Khayyam's Songs

Inset from Ṣādiq Hidāyat's Tarānah-hā-yi Khayyām, drawn by Darvīsh Naqqāsh ([Tihrān?]: Insishārāt-i Māh, [1982?]).

Hidāyat was the founder of Iranian literary modernity in prose, the novel-writing parallel to Nīmā Yūshīj the poet. However, unlike Nīmā, Hidāyat's view of modernity aligned more closely with that of the Pahlavi regime--anti-Islamic and anti-Arab, Hidāyat's modernity sought to recapitulate the Iranian past as singular and teleological, ending with a reconstituted ancient Iranian grandeur repurposed for the modern age. Hidāyat's project therefore included bringing pre-modern historical-mythical figures to life again. ʿUmar al-Khayyām (whose popularity had taken off in Europe following FitzGerald's translations in the 19th century) was a key personage for Hidāyat, who molded a version of a skeptical, rationalistic Khayyām to match his own anti-clericalism and Persian chauvinism.
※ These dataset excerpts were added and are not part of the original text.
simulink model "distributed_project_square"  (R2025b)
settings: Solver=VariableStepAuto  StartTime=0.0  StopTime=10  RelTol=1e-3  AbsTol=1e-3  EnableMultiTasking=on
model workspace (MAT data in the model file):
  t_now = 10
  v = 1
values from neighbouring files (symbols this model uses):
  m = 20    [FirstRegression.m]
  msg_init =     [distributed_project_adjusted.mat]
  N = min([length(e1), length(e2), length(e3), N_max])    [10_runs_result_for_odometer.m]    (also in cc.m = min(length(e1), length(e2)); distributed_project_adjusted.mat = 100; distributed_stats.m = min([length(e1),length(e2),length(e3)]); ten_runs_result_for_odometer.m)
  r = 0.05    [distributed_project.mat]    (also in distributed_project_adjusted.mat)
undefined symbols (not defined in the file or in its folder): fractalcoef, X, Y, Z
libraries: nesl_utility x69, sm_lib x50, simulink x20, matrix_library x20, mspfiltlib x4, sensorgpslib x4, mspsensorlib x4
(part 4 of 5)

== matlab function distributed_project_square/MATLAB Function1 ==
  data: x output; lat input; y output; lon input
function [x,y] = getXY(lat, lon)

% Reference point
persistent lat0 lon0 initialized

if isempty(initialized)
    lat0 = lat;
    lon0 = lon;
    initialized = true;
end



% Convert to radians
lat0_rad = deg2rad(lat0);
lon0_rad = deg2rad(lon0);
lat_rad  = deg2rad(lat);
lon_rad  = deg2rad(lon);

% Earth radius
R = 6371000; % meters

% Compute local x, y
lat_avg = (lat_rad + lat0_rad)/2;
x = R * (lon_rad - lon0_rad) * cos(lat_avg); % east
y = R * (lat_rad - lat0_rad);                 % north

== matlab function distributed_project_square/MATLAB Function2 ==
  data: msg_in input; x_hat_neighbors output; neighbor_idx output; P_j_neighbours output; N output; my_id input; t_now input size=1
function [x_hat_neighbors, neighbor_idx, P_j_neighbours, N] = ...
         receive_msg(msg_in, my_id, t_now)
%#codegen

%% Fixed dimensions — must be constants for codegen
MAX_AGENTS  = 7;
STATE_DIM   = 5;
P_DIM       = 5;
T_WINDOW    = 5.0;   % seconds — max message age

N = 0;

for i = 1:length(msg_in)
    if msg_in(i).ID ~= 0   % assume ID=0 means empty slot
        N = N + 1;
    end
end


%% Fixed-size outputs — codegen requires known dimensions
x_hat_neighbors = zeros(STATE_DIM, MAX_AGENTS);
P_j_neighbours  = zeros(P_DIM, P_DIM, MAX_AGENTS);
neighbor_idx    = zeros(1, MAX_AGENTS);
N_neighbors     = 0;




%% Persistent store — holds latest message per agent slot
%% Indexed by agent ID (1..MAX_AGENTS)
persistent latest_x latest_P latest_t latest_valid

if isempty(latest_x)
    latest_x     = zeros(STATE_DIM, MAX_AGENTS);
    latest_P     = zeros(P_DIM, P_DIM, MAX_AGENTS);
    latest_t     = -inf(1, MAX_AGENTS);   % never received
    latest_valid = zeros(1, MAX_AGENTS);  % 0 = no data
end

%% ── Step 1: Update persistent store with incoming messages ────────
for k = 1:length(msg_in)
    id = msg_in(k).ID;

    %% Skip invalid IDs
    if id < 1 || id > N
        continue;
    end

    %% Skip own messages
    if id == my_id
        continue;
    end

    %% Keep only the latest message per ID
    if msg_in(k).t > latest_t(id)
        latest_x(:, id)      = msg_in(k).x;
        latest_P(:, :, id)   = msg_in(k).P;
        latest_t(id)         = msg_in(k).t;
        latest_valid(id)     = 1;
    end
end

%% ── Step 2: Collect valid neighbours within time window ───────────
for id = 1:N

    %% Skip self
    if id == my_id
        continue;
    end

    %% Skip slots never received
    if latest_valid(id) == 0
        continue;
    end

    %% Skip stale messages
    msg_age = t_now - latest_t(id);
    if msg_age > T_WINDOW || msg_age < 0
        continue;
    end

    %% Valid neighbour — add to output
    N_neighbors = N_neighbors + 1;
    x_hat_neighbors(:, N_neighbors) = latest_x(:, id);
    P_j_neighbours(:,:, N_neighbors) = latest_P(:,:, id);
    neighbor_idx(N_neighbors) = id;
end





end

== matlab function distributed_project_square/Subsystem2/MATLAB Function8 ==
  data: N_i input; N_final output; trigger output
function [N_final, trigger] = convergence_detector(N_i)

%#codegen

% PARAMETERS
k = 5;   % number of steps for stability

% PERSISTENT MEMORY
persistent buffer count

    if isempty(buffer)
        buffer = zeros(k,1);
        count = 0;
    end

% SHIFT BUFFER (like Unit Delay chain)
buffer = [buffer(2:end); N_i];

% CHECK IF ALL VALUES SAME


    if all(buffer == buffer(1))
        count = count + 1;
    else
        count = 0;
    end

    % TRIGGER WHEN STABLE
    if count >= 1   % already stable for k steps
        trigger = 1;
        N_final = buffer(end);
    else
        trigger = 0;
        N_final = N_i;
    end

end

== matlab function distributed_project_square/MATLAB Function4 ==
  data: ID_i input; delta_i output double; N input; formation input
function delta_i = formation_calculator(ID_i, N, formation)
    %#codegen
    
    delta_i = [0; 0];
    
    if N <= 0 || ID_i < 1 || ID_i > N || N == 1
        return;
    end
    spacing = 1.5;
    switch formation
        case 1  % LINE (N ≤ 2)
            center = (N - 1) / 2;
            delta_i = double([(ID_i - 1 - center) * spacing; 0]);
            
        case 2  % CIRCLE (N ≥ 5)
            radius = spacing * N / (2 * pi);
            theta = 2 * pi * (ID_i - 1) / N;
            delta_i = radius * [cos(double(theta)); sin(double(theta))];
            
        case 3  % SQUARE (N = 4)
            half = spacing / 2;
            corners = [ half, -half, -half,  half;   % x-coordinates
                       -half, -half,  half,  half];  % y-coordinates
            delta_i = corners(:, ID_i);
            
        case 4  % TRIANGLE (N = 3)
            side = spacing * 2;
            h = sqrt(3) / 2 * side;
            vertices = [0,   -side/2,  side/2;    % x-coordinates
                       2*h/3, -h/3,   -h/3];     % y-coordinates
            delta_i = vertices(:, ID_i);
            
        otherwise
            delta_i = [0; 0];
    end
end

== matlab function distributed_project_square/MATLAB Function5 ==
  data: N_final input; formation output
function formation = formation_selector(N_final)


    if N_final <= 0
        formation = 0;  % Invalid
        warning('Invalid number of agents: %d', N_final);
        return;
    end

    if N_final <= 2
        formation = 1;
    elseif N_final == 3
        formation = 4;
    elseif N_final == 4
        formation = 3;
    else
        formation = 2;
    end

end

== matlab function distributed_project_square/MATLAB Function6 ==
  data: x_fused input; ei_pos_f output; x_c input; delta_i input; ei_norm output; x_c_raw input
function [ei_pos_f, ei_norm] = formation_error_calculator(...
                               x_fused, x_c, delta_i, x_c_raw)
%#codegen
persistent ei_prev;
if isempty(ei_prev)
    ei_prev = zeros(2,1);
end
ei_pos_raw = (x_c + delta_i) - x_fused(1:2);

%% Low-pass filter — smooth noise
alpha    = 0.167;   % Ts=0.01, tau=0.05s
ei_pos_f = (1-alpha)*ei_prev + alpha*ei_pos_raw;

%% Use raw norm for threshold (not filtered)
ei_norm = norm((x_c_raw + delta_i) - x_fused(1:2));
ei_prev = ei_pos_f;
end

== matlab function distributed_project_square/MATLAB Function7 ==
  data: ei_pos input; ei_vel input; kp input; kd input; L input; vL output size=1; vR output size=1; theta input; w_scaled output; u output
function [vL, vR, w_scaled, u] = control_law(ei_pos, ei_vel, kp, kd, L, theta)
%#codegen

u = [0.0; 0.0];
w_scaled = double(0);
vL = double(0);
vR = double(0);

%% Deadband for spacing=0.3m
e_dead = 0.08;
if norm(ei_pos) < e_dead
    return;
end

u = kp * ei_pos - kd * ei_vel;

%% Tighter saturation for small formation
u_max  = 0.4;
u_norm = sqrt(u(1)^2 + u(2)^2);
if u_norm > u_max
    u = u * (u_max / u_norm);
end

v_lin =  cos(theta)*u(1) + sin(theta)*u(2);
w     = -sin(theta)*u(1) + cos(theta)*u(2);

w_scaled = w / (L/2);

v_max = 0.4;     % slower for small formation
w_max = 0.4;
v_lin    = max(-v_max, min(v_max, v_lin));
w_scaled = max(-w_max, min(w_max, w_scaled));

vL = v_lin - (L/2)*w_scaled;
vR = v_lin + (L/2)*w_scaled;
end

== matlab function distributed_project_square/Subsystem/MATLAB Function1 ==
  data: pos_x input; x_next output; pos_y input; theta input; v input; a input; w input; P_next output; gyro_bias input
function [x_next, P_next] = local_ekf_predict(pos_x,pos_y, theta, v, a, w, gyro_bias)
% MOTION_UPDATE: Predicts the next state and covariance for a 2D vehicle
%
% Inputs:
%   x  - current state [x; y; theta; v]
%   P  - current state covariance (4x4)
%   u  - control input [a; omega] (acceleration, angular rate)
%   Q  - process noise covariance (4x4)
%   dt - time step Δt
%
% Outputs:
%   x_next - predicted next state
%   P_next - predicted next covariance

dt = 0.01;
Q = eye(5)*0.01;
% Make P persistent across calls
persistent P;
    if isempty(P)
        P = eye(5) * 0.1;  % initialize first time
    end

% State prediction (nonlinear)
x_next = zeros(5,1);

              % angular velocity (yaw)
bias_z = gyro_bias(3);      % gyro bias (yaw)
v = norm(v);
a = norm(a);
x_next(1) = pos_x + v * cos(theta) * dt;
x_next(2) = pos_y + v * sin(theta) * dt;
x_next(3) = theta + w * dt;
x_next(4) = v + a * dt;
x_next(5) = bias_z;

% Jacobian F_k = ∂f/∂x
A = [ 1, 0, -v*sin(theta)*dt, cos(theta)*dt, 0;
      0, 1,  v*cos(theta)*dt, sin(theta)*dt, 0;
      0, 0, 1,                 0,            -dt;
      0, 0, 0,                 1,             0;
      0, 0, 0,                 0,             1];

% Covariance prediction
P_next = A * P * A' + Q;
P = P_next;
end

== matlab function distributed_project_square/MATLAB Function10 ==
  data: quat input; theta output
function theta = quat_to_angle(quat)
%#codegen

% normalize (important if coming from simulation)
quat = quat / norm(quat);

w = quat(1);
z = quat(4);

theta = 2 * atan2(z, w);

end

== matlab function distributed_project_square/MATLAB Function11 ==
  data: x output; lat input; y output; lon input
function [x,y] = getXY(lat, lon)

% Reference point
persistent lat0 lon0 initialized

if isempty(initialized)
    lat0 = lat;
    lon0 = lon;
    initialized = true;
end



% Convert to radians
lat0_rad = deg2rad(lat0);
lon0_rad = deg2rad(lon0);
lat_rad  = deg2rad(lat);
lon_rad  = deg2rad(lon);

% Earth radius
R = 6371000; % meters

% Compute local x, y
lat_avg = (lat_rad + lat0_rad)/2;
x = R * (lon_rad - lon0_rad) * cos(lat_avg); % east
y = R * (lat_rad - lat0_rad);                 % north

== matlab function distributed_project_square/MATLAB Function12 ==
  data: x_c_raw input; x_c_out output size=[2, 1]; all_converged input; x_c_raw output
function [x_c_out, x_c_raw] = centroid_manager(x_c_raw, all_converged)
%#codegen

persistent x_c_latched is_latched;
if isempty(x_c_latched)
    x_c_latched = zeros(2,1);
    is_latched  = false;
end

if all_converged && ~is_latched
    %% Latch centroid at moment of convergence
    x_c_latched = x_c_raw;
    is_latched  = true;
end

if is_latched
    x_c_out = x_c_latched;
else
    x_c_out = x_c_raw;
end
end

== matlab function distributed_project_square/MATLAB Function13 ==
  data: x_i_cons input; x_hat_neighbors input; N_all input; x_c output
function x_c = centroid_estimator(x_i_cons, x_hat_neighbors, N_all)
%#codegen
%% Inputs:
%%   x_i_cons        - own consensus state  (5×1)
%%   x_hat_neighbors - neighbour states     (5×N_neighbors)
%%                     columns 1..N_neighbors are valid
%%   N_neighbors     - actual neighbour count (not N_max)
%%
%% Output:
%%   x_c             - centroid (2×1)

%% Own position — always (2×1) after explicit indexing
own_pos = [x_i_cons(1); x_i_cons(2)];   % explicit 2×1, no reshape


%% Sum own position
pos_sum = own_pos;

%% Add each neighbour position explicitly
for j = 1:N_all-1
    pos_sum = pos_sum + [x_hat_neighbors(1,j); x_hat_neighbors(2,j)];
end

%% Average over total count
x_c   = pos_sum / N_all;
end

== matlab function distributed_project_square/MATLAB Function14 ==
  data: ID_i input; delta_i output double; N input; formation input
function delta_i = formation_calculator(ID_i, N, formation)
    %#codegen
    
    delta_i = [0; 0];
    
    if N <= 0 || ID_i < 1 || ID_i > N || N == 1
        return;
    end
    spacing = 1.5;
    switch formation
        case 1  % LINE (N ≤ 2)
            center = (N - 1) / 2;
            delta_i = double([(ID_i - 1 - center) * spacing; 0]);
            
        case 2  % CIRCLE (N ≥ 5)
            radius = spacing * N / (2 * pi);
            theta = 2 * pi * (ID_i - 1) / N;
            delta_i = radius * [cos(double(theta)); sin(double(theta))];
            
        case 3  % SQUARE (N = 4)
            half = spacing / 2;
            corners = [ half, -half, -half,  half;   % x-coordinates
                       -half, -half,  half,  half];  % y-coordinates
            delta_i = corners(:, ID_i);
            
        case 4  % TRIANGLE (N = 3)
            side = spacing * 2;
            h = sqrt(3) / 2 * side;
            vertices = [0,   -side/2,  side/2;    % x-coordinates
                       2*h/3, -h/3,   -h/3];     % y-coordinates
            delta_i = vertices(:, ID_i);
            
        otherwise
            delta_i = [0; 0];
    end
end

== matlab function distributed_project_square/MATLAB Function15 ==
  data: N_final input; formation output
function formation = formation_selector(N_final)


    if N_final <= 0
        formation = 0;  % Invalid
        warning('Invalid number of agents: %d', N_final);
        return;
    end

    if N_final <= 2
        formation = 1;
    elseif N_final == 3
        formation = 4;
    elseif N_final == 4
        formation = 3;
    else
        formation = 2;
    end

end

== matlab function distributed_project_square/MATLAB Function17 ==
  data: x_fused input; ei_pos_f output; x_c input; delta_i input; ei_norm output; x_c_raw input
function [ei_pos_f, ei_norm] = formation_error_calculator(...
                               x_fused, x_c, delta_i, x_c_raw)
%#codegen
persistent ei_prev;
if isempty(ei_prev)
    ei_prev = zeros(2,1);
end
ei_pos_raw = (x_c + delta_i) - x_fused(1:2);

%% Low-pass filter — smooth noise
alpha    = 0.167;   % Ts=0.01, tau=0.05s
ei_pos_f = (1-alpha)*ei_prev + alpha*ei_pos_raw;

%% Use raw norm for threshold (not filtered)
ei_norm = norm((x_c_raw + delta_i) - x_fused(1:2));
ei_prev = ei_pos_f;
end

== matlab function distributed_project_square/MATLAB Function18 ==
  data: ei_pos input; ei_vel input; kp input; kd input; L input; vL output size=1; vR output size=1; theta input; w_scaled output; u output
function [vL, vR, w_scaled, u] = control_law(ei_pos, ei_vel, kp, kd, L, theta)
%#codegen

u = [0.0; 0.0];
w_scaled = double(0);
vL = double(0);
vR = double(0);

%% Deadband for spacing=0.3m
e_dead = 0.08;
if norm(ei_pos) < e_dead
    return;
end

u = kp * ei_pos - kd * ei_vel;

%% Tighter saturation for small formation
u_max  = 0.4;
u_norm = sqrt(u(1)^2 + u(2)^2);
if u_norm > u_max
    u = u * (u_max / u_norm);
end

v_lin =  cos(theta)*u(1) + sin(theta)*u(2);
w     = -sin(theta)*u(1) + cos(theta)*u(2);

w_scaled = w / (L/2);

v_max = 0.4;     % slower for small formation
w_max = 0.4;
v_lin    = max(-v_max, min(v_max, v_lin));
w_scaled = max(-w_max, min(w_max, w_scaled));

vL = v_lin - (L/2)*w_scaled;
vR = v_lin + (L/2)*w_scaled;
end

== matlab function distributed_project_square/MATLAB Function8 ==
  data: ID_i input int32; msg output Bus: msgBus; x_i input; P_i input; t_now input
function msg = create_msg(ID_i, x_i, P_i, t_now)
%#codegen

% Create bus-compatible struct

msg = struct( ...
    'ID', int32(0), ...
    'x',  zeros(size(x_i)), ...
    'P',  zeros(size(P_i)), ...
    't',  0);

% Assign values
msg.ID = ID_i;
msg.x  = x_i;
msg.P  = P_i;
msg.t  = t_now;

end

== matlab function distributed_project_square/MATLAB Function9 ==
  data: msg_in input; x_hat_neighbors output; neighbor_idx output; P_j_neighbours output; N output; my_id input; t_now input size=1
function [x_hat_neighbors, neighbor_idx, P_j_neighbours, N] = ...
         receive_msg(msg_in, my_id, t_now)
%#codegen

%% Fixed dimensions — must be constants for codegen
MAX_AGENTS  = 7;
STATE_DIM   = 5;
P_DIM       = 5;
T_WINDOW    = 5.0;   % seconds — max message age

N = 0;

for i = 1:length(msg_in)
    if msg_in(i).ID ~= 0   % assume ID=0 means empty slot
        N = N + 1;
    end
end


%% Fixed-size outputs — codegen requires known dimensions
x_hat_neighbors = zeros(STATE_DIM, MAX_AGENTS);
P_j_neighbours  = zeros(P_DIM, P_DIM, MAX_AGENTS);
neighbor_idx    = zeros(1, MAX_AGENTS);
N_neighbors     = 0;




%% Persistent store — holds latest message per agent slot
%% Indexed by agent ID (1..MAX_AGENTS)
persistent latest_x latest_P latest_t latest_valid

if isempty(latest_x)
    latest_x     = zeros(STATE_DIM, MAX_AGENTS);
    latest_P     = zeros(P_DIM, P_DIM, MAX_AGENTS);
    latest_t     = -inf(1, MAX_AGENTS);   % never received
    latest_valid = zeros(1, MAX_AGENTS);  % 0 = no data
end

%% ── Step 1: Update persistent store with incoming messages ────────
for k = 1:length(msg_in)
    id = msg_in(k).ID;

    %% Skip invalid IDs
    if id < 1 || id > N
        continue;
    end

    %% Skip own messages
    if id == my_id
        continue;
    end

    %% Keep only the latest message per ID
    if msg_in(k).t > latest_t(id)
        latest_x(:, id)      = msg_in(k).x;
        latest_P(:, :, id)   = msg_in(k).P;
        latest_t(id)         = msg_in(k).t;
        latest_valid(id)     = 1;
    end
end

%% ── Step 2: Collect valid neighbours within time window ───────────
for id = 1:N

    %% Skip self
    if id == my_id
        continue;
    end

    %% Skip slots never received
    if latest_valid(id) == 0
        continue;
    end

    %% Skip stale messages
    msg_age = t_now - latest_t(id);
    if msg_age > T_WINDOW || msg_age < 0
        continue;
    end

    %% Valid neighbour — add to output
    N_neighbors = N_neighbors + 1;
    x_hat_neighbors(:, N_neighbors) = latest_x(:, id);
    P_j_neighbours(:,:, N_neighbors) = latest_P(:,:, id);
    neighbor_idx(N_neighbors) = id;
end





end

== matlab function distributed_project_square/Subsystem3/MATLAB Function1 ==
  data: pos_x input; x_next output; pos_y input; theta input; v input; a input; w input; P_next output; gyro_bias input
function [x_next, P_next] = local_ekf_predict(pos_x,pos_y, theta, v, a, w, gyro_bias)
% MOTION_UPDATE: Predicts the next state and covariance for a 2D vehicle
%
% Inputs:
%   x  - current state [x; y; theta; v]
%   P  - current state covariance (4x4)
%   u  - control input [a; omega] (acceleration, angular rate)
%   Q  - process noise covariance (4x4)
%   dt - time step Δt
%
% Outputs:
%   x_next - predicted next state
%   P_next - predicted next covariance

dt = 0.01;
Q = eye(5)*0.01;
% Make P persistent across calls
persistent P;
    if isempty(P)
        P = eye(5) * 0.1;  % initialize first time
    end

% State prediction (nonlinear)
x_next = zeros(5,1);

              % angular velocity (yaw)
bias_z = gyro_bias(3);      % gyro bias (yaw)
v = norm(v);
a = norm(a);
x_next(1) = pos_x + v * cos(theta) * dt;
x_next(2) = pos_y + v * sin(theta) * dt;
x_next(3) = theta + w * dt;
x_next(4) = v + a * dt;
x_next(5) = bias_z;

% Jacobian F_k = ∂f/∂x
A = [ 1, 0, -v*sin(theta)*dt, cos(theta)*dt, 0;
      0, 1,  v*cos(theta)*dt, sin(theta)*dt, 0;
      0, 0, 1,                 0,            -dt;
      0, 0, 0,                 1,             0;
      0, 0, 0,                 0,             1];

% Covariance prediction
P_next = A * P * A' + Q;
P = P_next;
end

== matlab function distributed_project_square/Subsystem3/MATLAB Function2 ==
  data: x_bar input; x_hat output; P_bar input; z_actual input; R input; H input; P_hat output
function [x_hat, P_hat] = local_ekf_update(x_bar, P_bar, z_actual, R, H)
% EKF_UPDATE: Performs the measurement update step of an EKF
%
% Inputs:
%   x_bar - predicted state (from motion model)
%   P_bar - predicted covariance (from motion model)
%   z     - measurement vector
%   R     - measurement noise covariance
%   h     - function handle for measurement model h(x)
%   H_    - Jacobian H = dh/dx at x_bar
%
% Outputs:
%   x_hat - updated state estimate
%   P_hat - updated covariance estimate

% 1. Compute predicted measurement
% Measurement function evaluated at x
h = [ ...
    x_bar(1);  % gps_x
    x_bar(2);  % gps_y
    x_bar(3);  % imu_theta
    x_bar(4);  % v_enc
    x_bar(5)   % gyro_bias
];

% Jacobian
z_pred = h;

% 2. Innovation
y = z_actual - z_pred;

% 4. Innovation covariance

That our received version of Khayyām is most probably an historical fable cobbled together over time and ascribed with a whole corpus of Rubāʿiyyāt (four-line poems usually rhyming AABA) did figure into Hidāyat's reception, and he should be commended for at least considering the possibility of a mythical, a-historical idea of Khayyām the poet. (Khayyām the scientist might be another story.) We must also consider Hidāyat's troubled psychological disposition and racism when reading his version of Khayyām, whose verses he collected in this edition, reissued in 1982 in Tehran.